Every now and then you see an asylum seeker who is driven to a desperate act like the young man who set himself alight and yet decided to become an organ donor, wanting to do nothing more than make a contribution to this country.

We cannot let people see that refugees and asylum seekers are normal people, wanting nothing more than to make a contribution and become decent hard-working citizens. So we have got to set the foghorn to maximum volume and create instruments like this code of conduct. We have to go further than that: we cannot afford for Australians to meet refugees, to be exposed to these stories, to learn about the hardships that they are fleeing and hear about the sorts of contributions that they want to make. That is why we keep them locked up offshore. We keep the press away. We keep Australians away, because we cannot afford to shatter the illusion that has been being created by this government and by governments before it.

I do not pretend for a moment that this is an easy issue but I condemn those people who use the tragedy of deaths at sea to justify a policy that is implemented for no other reason—not for reasons of compassion, care or decency—than for the most base political purposes. If you cared about deaths at sea, you would not be using words like 'illegal'. You would not be calling someone who is in a state of desperation a 'moral blackmailer' and you could not be implementing a code of conduct that implies these people are criminals, that they do not share our values and cannot wait to get their hands on our women.
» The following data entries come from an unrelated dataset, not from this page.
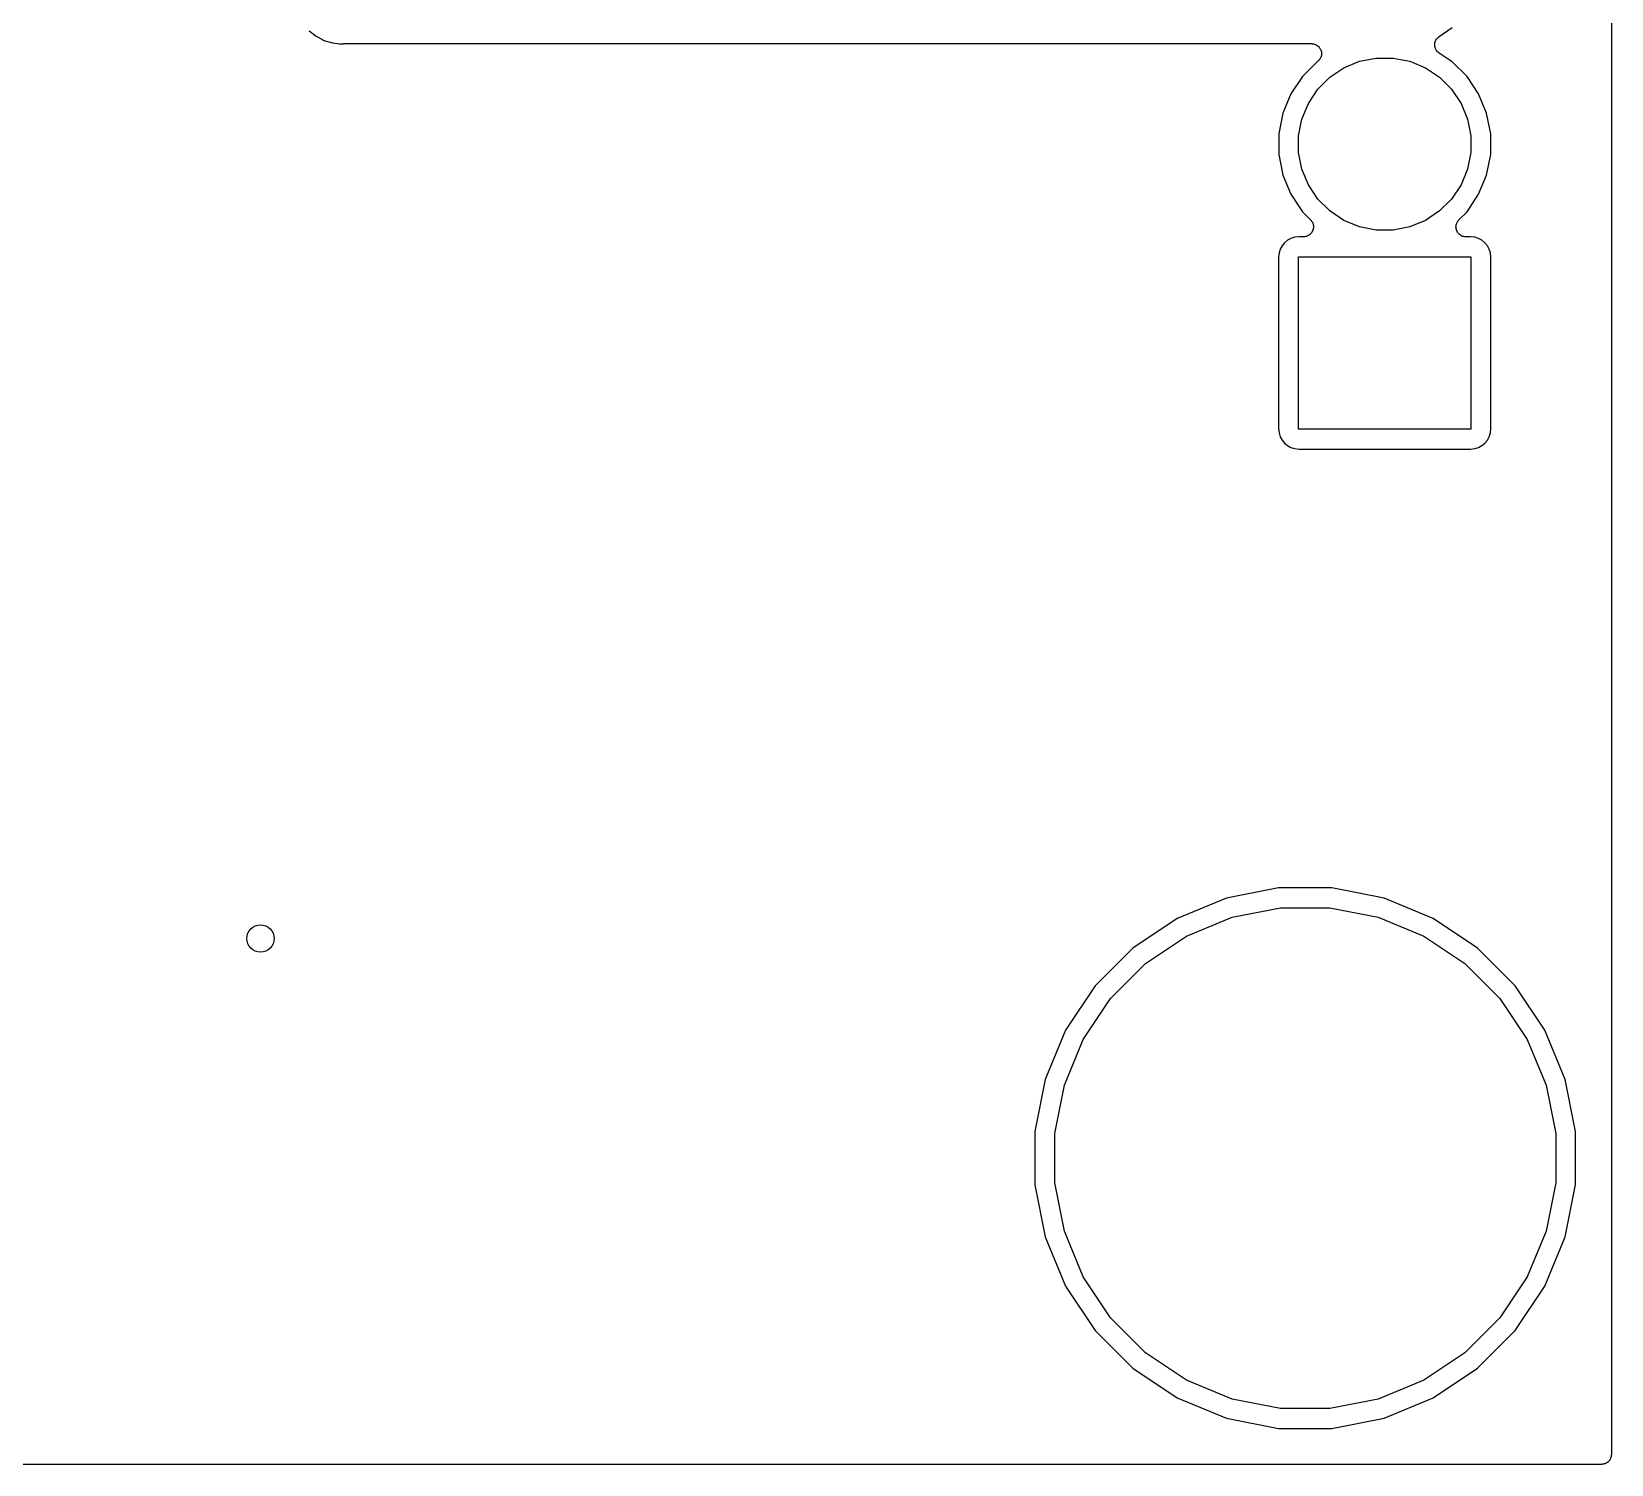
# Model space of a CAD drawing. Extents: x 127.3 to 172.4, y -152.1 to -76.5.
# Drawn here: x 152.26 to 172.44, y -152.12 to -133.82 of the extents above; entities that cross this region are included whole.
import ezdxf

# ---------------------------------------------------------------- set-up
doc = ezdxf.new("R2010")
doc.units = 0
doc.layers.add('BLACK', color=7, linetype='CONTINUOUS')

msp = doc.modelspace()

# ---------------------------------------------------------------- linework, layer by layer
at = {"layer": 'BLACK', "linetype": 'CONTINUOUS'}
for p, q in [((172.441, -106.485), (172.441, -151.994)), ((155.805, -133.806), (155.822, -133.82)), ((155.822, -133.82), (155.822, -133.82)), ((155.822, -133.82), (155.892, -133.877)), ((170.239, -133.879), (170.408, -133.767)), ((155.892, -133.877), (155.964, -133.915)), ((155.964, -133.915), (155.964, -133.915)), ((155.964, -133.915), (155.992, -133.93)), ((155.992, -133.93), (156.099, -133.963)), ((156.099, -133.963), (156.19, -133.972)), ((156.19, -133.972), (156.19, -133.972)), ((156.19, -133.972), (156.211, -133.974)), ((156.211, -133.974), (156.233, -133.972)), ((156.233, -133.972), (156.235, -133.972)), ((156.235, -133.972), (156.24, -133.972)), ((156.24, -133.972), (156.246, -133.971)), ((156.246, -133.971), (168.61, -133.971)), ((168.61, -133.971), (168.612, -133.971)), ((168.612, -133.971), (168.612, -133.971)), ((168.612, -133.971), (168.612, -133.971)), ((168.612, -133.971), (168.612, -133.971)), ((168.612, -133.971), (168.624, -133.973)), ((168.624, -133.973), (168.636, -133.974)), ((168.636, -133.974), (168.636, -133.974)), ((168.636, -133.974), (168.637, -133.974)), ((168.637, -133.974), (168.648, -133.978)), ((168.648, -133.978), (168.66, -133.982)), ((168.66, -133.982), (168.66, -133.982)), ((168.66, -133.982), (168.66, -133.982)), ((168.66, -133.982), (168.671, -133.988)), ((168.671, -133.988), (168.682, -133.993)), ((168.682, -133.993), (168.682, -133.994)), ((168.682, -133.994), (168.682, -133.994)), ((168.682, -133.994), (168.692, -134.002)), ((168.692, -134.002), (168.701, -134.009)), ((168.701, -134.009), (168.701, -134.009)), ((168.701, -134.009), (168.701, -134.01)), ((168.701, -134.01), (168.709, -134.019)), ((168.709, -134.019), (168.716, -134.029)), ((170.183, -133.984), (170.184, -133.972)), ((170.184, -133.997), (170.183, -133.984)), ((170.183, -133.984), (170.183, -133.984)), ((170.183, -133.984), (170.183, -133.984)), ((170.184, -133.972), (170.186, -133.96)), ((170.185, -134.008), (170.184, -133.997)), ((170.185, -134.009), (170.185, -134.008)), ((170.189, -134.021), (170.185, -134.009)), ((170.185, -134.009), (170.185, -134.009)), ((170.186, -133.959), (170.189, -133.948)), ((170.186, -133.96), (170.186, -133.959)), ((170.186, -133.959), (170.186, -133.959)), ((170.189, -133.948), (170.193, -133.936)), ((170.192, -134.032), (170.189, -134.021)), ((170.193, -133.935), (170.199, -133.925)), ((170.193, -133.936), (170.193, -133.935)), ((170.193, -133.936), (170.193, -133.936)), ((170.199, -133.925), (170.205, -133.914)), ((170.205, -133.914), (170.213, -133.904)), ((170.205, -133.914), (170.205, -133.914)), ((170.205, -133.914), (170.205, -133.914)), ((170.213, -133.904), (170.22, -133.895)), ((170.22, -133.895), (170.221, -133.895)), ((170.221, -133.895), (170.23, -133.887)), ((170.221, -133.895), (170.221, -133.895)), ((170.23, -133.887), (170.239, -133.879)), ((168.683, -134.202), (168.493, -134.392)), ((168.69, -134.196), (168.683, -134.202)), ((168.7, -134.189), (168.69, -134.196)), ((168.708, -134.179), (168.7, -134.188)), ((168.7, -134.188), (168.7, -134.188)), ((168.7, -134.188), (168.7, -134.189)), ((168.716, -134.169), (168.708, -134.179)), ((168.716, -134.029), (168.716, -134.029)), ((168.716, -134.029), (168.717, -134.029)), ((168.721, -134.158), (168.716, -134.169)), ((168.716, -134.169), (168.716, -134.169)), ((168.716, -134.169), (168.716, -134.169)), ((168.717, -134.029), (168.722, -134.04)), ((168.727, -134.148), (168.721, -134.158)), ((168.722, -134.04), (168.728, -134.051)), ((168.731, -134.136), (168.727, -134.147)), ((168.727, -134.147), (168.727, -134.147)), ((168.727, -134.147), (168.727, -134.148)), ((168.728, -134.051), (168.728, -134.051)), ((168.728, -134.051), (168.728, -134.051)), ((168.728, -134.051), (168.731, -134.062)), ((168.731, -134.062), (168.735, -134.074)), ((168.735, -134.124), (168.731, -134.136)), ((168.735, -134.074), (168.735, -134.074)), ((168.735, -134.074), (168.735, -134.075)), ((168.735, -134.075), (168.736, -134.087)), ((168.736, -134.111), (168.735, -134.124)), ((168.735, -134.124), (168.735, -134.124)), ((168.735, -134.124), (168.735, -134.124)), ((168.736, -134.087), (168.737, -134.099)), ((168.737, -134.099), (168.736, -134.111)), ((168.737, -134.099), (168.737, -134.099)), ((168.737, -134.099), (168.737, -134.099)), ((169.024, -134.28), (169.224, -134.197)), ((169.224, -134.197), (169.437, -134.155)), ((169.437, -134.155), (169.653, -134.155)), ((169.653, -134.155), (169.866, -134.197)), ((169.866, -134.197), (170.066, -134.28)), ((170.192, -134.033), (170.192, -134.032)), ((170.198, -134.044), (170.192, -134.033)), ((170.192, -134.033), (170.192, -134.033)), ((170.204, -134.054), (170.198, -134.044)), ((170.204, -134.055), (170.204, -134.054)), ((170.211, -134.064), (170.204, -134.055)), ((170.204, -134.055), (170.204, -134.055)), ((170.219, -134.074), (170.211, -134.064)), ((170.22, -134.074), (170.219, -134.074)), ((170.219, -134.074), (170.219, -134.074)), ((170.229, -134.082), (170.22, -134.074)), ((170.238, -134.09), (170.229, -134.082)), ((170.239, -134.09), (170.238, -134.09)), ((170.239, -134.091), (170.239, -134.09)), ((170.239, -134.09), (170.239, -134.09)), ((170.239, -134.09), (170.239, -134.09)), ((170.408, -134.203), (170.239, -134.091)), ((170.597, -134.392), (170.408, -134.203)), ((168.493, -134.392), (168.345, -134.614)), ((168.691, -134.554), (168.844, -134.401)), ((168.844, -134.401), (169.024, -134.28)), ((170.066, -134.28), (170.246, -134.401)), ((170.246, -134.401), (170.399, -134.554)), ((170.745, -134.614), (170.597, -134.392)), ((168.345, -134.614), (168.243, -134.86)), ((168.57, -134.734), (168.691, -134.554)), ((170.399, -134.554), (170.52, -134.734)), ((170.847, -134.86), (170.745, -134.614)), ((168.487, -134.934), (168.57, -134.734)), ((170.52, -134.734), (170.603, -134.934)), ((168.243, -134.86), (168.191, -135.122)), ((168.445, -135.147), (168.487, -134.934)), ((170.603, -134.934), (170.645, -135.147)), ((170.899, -135.122), (170.847, -134.86)), ((168.191, -135.122), (168.191, -135.388)), ((168.445, -135.363), (168.445, -135.147)), ((170.645, -135.147), (170.645, -135.363)), ((170.899, -135.388), (170.899, -135.122)), ((168.191, -135.388), (168.243, -135.65)), ((168.487, -135.576), (168.445, -135.363)), ((170.645, -135.363), (170.603, -135.576)), ((170.847, -135.65), (170.899, -135.388)), ((168.57, -135.776), (168.487, -135.576)), ((170.603, -135.576), (170.52, -135.776)), ((168.243, -135.65), (168.345, -135.896)), ((168.691, -135.956), (168.57, -135.776)), ((170.52, -135.776), (170.399, -135.956)), ((170.745, -135.896), (170.847, -135.65)), ((168.345, -135.896), (168.493, -136.118)), ((168.844, -136.109), (168.691, -135.956)), ((170.399, -135.956), (170.246, -136.109)), ((170.597, -136.118), (170.745, -135.896)), ((168.493, -136.118), (168.598, -136.222)), ((168.598, -136.222), (168.598, -136.223)), ((168.598, -136.223), (168.598, -136.223)), ((168.598, -136.223), (168.598, -136.223)), ((168.598, -136.223), (168.599, -136.224)), ((168.599, -136.224), (168.606, -136.233)), ((168.606, -136.233), (168.614, -136.243)), ((168.614, -136.243), (168.614, -136.243)), ((168.614, -136.243), (168.614, -136.243)), ((168.614, -136.243), (168.62, -136.254)), ((169.024, -136.23), (168.844, -136.109)), ((169.224, -136.313), (169.024, -136.23)), ((170.066, -136.23), (169.866, -136.313)), ((170.246, -136.109), (170.066, -136.23)), ((170.471, -136.252), (170.477, -136.242)), ((170.477, -136.241), (170.485, -136.232)), ((170.477, -136.242), (170.477, -136.241)), ((170.477, -136.241), (170.477, -136.241)), ((170.485, -136.232), (170.492, -136.222)), ((170.492, -136.222), (170.597, -136.118)), ((168.395, -136.445), (168.347, -136.459)), ((168.451, -136.439), (168.395, -136.445)), ((168.508, -136.439), (168.451, -136.439)), ((168.52, -136.438), (168.508, -136.439)), ((168.532, -136.437), (168.52, -136.438)), ((168.544, -136.433), (168.532, -136.437)), ((168.532, -136.437), (168.532, -136.437)), ((168.532, -136.437), (168.532, -136.437)), ((168.556, -136.43), (168.544, -136.433)), ((168.567, -136.424), (168.556, -136.43)), ((168.556, -136.43), (168.556, -136.43)), ((168.556, -136.43), (168.556, -136.43)), ((168.578, -136.418), (168.567, -136.424)), ((168.587, -136.41), (168.578, -136.418)), ((168.578, -136.418), (168.578, -136.418)), ((168.578, -136.418), (168.578, -136.418)), ((168.597, -136.403), (168.587, -136.41)), ((168.605, -136.393), (168.597, -136.402)), ((168.597, -136.402), (168.597, -136.402)), ((168.597, -136.402), (168.597, -136.403)), ((168.613, -136.384), (168.605, -136.393)), ((168.619, -136.372), (168.613, -136.383)), ((168.613, -136.383), (168.613, -136.383)), ((168.613, -136.383), (168.613, -136.384)), ((168.625, -136.362), (168.619, -136.372)), ((168.62, -136.254), (168.625, -136.265)), ((168.625, -136.265), (168.626, -136.265)), ((168.628, -136.35), (168.625, -136.361)), ((168.625, -136.361), (168.625, -136.362)), ((168.625, -136.362), (168.625, -136.362)), ((168.626, -136.265), (168.626, -136.265)), ((168.626, -136.265), (168.629, -136.277)), ((168.632, -136.338), (168.628, -136.35)), ((168.629, -136.277), (168.632, -136.288)), ((168.632, -136.288), (168.632, -136.289)), ((168.632, -136.289), (168.633, -136.289)), ((168.633, -136.326), (168.632, -136.338)), ((168.632, -136.338), (168.632, -136.338)), ((168.632, -136.338), (168.632, -136.338)), ((168.633, -136.289), (168.634, -136.301)), ((168.635, -136.313), (168.633, -136.326)), ((168.634, -136.301), (168.635, -136.313)), ((168.635, -136.313), (168.635, -136.313)), ((168.635, -136.313), (168.635, -136.313)), ((169.437, -136.355), (169.224, -136.313)), ((169.653, -136.355), (169.437, -136.355)), ((169.866, -136.313), (169.653, -136.355)), ((170.455, -136.311), (170.457, -136.299)), ((170.455, -136.312), (170.455, -136.311)), ((170.455, -136.311), (170.455, -136.311)), ((170.456, -136.324), (170.455, -136.312)), ((170.458, -136.336), (170.456, -136.324)), ((170.457, -136.299), (170.458, -136.287)), ((170.458, -136.287), (170.462, -136.275)), ((170.458, -136.287), (170.458, -136.287)), ((170.458, -136.287), (170.458, -136.287)), ((170.461, -136.348), (170.458, -136.336)), ((170.458, -136.336), (170.458, -136.336)), ((170.458, -136.336), (170.458, -136.336)), ((170.465, -136.36), (170.461, -136.348)), ((170.462, -136.275), (170.465, -136.263)), ((170.465, -136.263), (170.471, -136.252)), ((170.465, -136.263), (170.465, -136.263)), ((170.465, -136.263), (170.465, -136.263)), ((170.47, -136.371), (170.465, -136.36)), ((170.465, -136.36), (170.465, -136.36)), ((170.465, -136.36), (170.465, -136.36)), ((170.476, -136.382), (170.47, -136.371)), ((170.484, -136.392), (170.476, -136.382)), ((170.476, -136.382), (170.476, -136.382)), ((170.476, -136.382), (170.476, -136.382)), ((170.492, -136.401), (170.484, -136.392)), ((170.501, -136.409), (170.492, -136.401)), ((170.492, -136.401), (170.492, -136.401)), ((170.492, -136.401), (170.492, -136.401)), ((170.511, -136.417), (170.501, -136.409)), ((170.522, -136.423), (170.511, -136.417)), ((170.511, -136.417), (170.511, -136.417)), ((170.511, -136.417), (170.511, -136.417)), ((170.532, -136.429), (170.522, -136.423)), ((170.533, -136.429), (170.532, -136.429)), ((170.532, -136.429), (170.532, -136.429)), ((170.544, -136.433), (170.533, -136.429)), ((170.556, -136.436), (170.544, -136.433)), ((170.568, -136.438), (170.556, -136.436)), ((170.556, -136.436), (170.556, -136.436)), ((170.556, -136.436), (170.556, -136.436)), ((170.581, -136.439), (170.568, -136.438)), ((170.582, -136.439), (170.581, -136.439)), ((170.581, -136.439), (170.581, -136.439)), ((170.581, -136.439), (170.581, -136.439)), ((170.581, -136.439), (170.581, -136.439)), ((170.639, -136.439), (170.582, -136.439)), ((170.695, -136.445), (170.639, -136.439)), ((170.743, -136.459), (170.695, -136.445)), ((168.195, -136.645), (168.189, -136.701)), ((168.209, -136.597), (168.195, -136.645)), ((168.233, -136.553), (168.209, -136.597)), ((168.265, -136.515), (168.233, -136.553)), ((168.303, -136.483), (168.265, -136.515)), ((168.347, -136.459), (168.303, -136.483)), ((170.787, -136.483), (170.743, -136.459)), ((170.825, -136.515), (170.787, -136.483)), ((170.857, -136.553), (170.825, -136.515)), ((170.881, -136.597), (170.857, -136.553)), ((170.895, -136.645), (170.881, -136.597)), ((170.901, -136.701), (170.895, -136.645)), ((168.189, -136.701), (168.189, -138.889)), ((168.445, -138.895), (168.445, -136.695)), ((168.445, -136.695), (170.645, -136.695)), ((170.645, -136.695), (170.645, -138.895)), ((170.901, -138.889), (170.901, -136.701)), ((168.189, -138.889), (168.195, -138.945)), ((168.195, -138.945), (168.209, -138.993)), ((168.209, -138.993), (168.233, -139.037)), ((168.233, -139.037), (168.265, -139.075)), ((170.645, -138.895), (168.445, -138.895)), ((170.825, -139.075), (170.857, -139.037)), ((170.857, -139.037), (170.881, -138.993)), ((170.881, -138.993), (170.895, -138.945)), ((170.895, -138.945), (170.901, -138.889)), ((168.265, -139.075), (168.303, -139.107)), ((168.303, -139.107), (168.347, -139.131)), ((168.347, -139.131), (168.395, -139.145)), ((168.395, -139.145), (168.451, -139.151)), ((168.451, -139.151), (170.639, -139.151)), ((170.639, -139.151), (170.695, -139.145)), ((170.695, -139.145), (170.743, -139.131)), ((170.743, -139.131), (170.787, -139.107)), ((170.787, -139.107), (170.825, -139.075)), ((167.522, -144.888), (166.893, -145.148)), ((168.189, -144.755), (167.522, -144.888)), ((168.869, -144.755), (168.189, -144.755)), ((169.536, -144.888), (168.869, -144.755)), ((170.165, -145.148), (169.536, -144.888)), ((167.596, -145.132), (168.214, -145.009)), ((168.214, -145.009), (168.844, -145.009)), ((168.844, -145.009), (169.462, -145.132)), ((166.893, -145.148), (166.327, -145.526)), ((167.013, -145.373), (167.596, -145.132)), ((169.462, -145.132), (170.045, -145.373)), ((170.731, -145.526), (170.165, -145.148)), ((166.327, -145.526), (165.846, -146.007)), ((166.489, -145.723), (167.013, -145.373)), ((170.045, -145.373), (170.569, -145.723)), ((171.212, -146.007), (170.731, -145.526)), ((166.043, -146.169), (166.489, -145.723)), ((170.569, -145.723), (171.015, -146.169)), ((165.846, -146.007), (165.468, -146.573)), ((171.59, -146.573), (171.212, -146.007)), ((165.693, -146.693), (166.043, -146.169)), ((171.015, -146.169), (171.365, -146.693)), ((165.468, -146.573), (165.208, -147.202)), ((165.452, -147.276), (165.693, -146.693)), ((171.365, -146.693), (171.606, -147.276)), ((171.85, -147.202), (171.59, -146.573)), ((165.208, -147.202), (165.075, -147.869)), ((165.329, -147.894), (165.452, -147.276)), ((171.606, -147.276), (171.729, -147.894)), ((171.983, -147.869), (171.85, -147.202)), ((165.075, -147.869), (165.075, -148.549)), ((165.329, -148.524), (165.329, -147.894)), ((171.729, -147.894), (171.729, -148.524)), ((171.983, -148.549), (171.983, -147.869)), ((165.075, -148.549), (165.208, -149.216)), ((165.452, -149.142), (165.329, -148.524)), ((171.729, -148.524), (171.606, -149.142)), ((171.85, -149.216), (171.983, -148.549)), ((165.693, -149.725), (165.452, -149.142)), ((171.606, -149.142), (171.365, -149.725)), ((165.208, -149.216), (165.468, -149.845)), ((171.59, -149.845), (171.85, -149.216)), ((166.043, -150.249), (165.693, -149.725)), ((171.365, -149.725), (171.015, -150.249)), ((165.468, -149.845), (165.846, -150.411)), ((171.212, -150.411), (171.59, -149.845)), ((166.489, -150.695), (166.043, -150.249)), ((171.015, -150.249), (170.569, -150.695)), ((165.846, -150.411), (166.327, -150.892)), ((170.731, -150.892), (171.212, -150.411)), ((167.013, -151.045), (166.489, -150.695)), ((170.569, -150.695), (170.045, -151.045)), ((166.327, -150.892), (166.893, -151.27)), ((170.165, -151.27), (170.731, -150.892)), ((167.596, -151.286), (167.013, -151.045)), ((170.045, -151.045), (169.462, -151.286)), ((166.893, -151.27), (167.522, -151.53)), ((168.214, -151.409), (167.596, -151.286)), ((169.462, -151.286), (168.844, -151.409)), ((169.536, -151.53), (170.165, -151.27)), ((167.522, -151.53), (168.189, -151.663)), ((168.844, -151.409), (168.214, -151.409)), ((168.869, -151.663), (169.536, -151.53)), ((168.189, -151.663), (168.869, -151.663)), ((172.314, -152.121), (151.316, -152.121)), ((172.326, -152.12), (172.314, -152.121)), ((172.338, -152.119), (172.326, -152.12)), ((172.339, -152.119), (172.338, -152.119)), ((172.338, -152.119), (172.338, -152.119)), ((172.35, -152.115), (172.339, -152.119)), ((172.362, -152.112), (172.35, -152.115)), ((172.373, -152.106), (172.362, -152.111)), ((172.362, -152.111), (172.362, -152.112)), ((172.362, -152.112), (172.362, -152.112)), ((172.384, -152.1), (172.373, -152.106)), ((172.394, -152.092), (172.384, -152.1)), ((172.384, -152.1), (172.384, -152.1)), ((172.384, -152.1), (172.384, -152.1)), ((172.403, -152.085), (172.394, -152.092)), ((172.411, -152.075), (172.403, -152.084)), ((172.403, -152.084), (172.403, -152.084)), ((172.403, -152.084), (172.403, -152.085)), ((172.419, -152.066), (172.411, -152.075)), ((172.425, -152.054), (172.419, -152.065)), ((172.419, -152.065), (172.419, -152.065)), ((172.419, -152.065), (172.419, -152.066)), ((172.431, -152.044), (172.425, -152.054)), ((172.435, -152.032), (172.431, -152.043)), ((172.431, -152.043), (172.431, -152.044)), ((172.431, -152.044), (172.431, -152.044)), ((172.438, -152.02), (172.435, -152.032)), ((172.44, -152.008), (172.438, -152.02)), ((172.438, -152.02), (172.438, -152.02)), ((172.438, -152.02), (172.438, -152.02)), ((172.441, -151.996), (172.44, -152.008)), ((172.441, -151.994), (172.441, -151.995)), ((172.441, -151.995), (172.441, -151.995)), ((172.441, -151.995), (172.441, -151.995)), ((172.441, -151.995), (172.441, -151.996))]:
    msp.add_line(p, q, dxfattribs=at)
at = {"layer": 'BLACK'}
msp.add_circle((155.181, -145.402), 0.175, dxfattribs=at)

doc.saveas('drawing.dxf')

I would like to see a code of conduct that went something like this: no more three-word slogans; no more lies about what it means to seek asylum; and no more using the word 'illegal' when you know it is not true and that it is a fundamental right. If we do not learn from the mistakes of the past, we are condemned to repeating them. We are going to use care and compassion as guiding principles rather than simply inflaming people's fears and anxieties. We are going to use facts. We are going to reassure people that we do not need the army. We do not need our Defence personnel. We do not need the Navy, because this is a humanitarian issue.

Just as we expect you to uphold Australian law, we will uphold Australian law. We will make sure that we uphold domestic law and international law, which means that we will not forcibly deport you to countries where you are going to experience torture, persecution and possibly worse. Just as we want to ensure that you treat people with respect and do not engage in harassment, we will keep you safe and treat you with respect. We will treat you with the sort of respect that is currently being denied to you, because of your circumstances which involve being locked up in offshore prisons.

We need to name what this is: it is racism. It is not dog whistling. This is a racist foghorn, loud and clear, saying to the Australian community: 'Don't accept refugees. Don't accept asylum seekers. They are not like you and me. They don't share the same values we share. We don't want them here.'

I say to the coalition: they are ordinary people with families, children with the same hopes and dreams that all of us share and we, as a rich, decent and prosperous nation should offer them the protection they so badly need. If we do not do this, this is something that you will carry with you for the rest of your lives.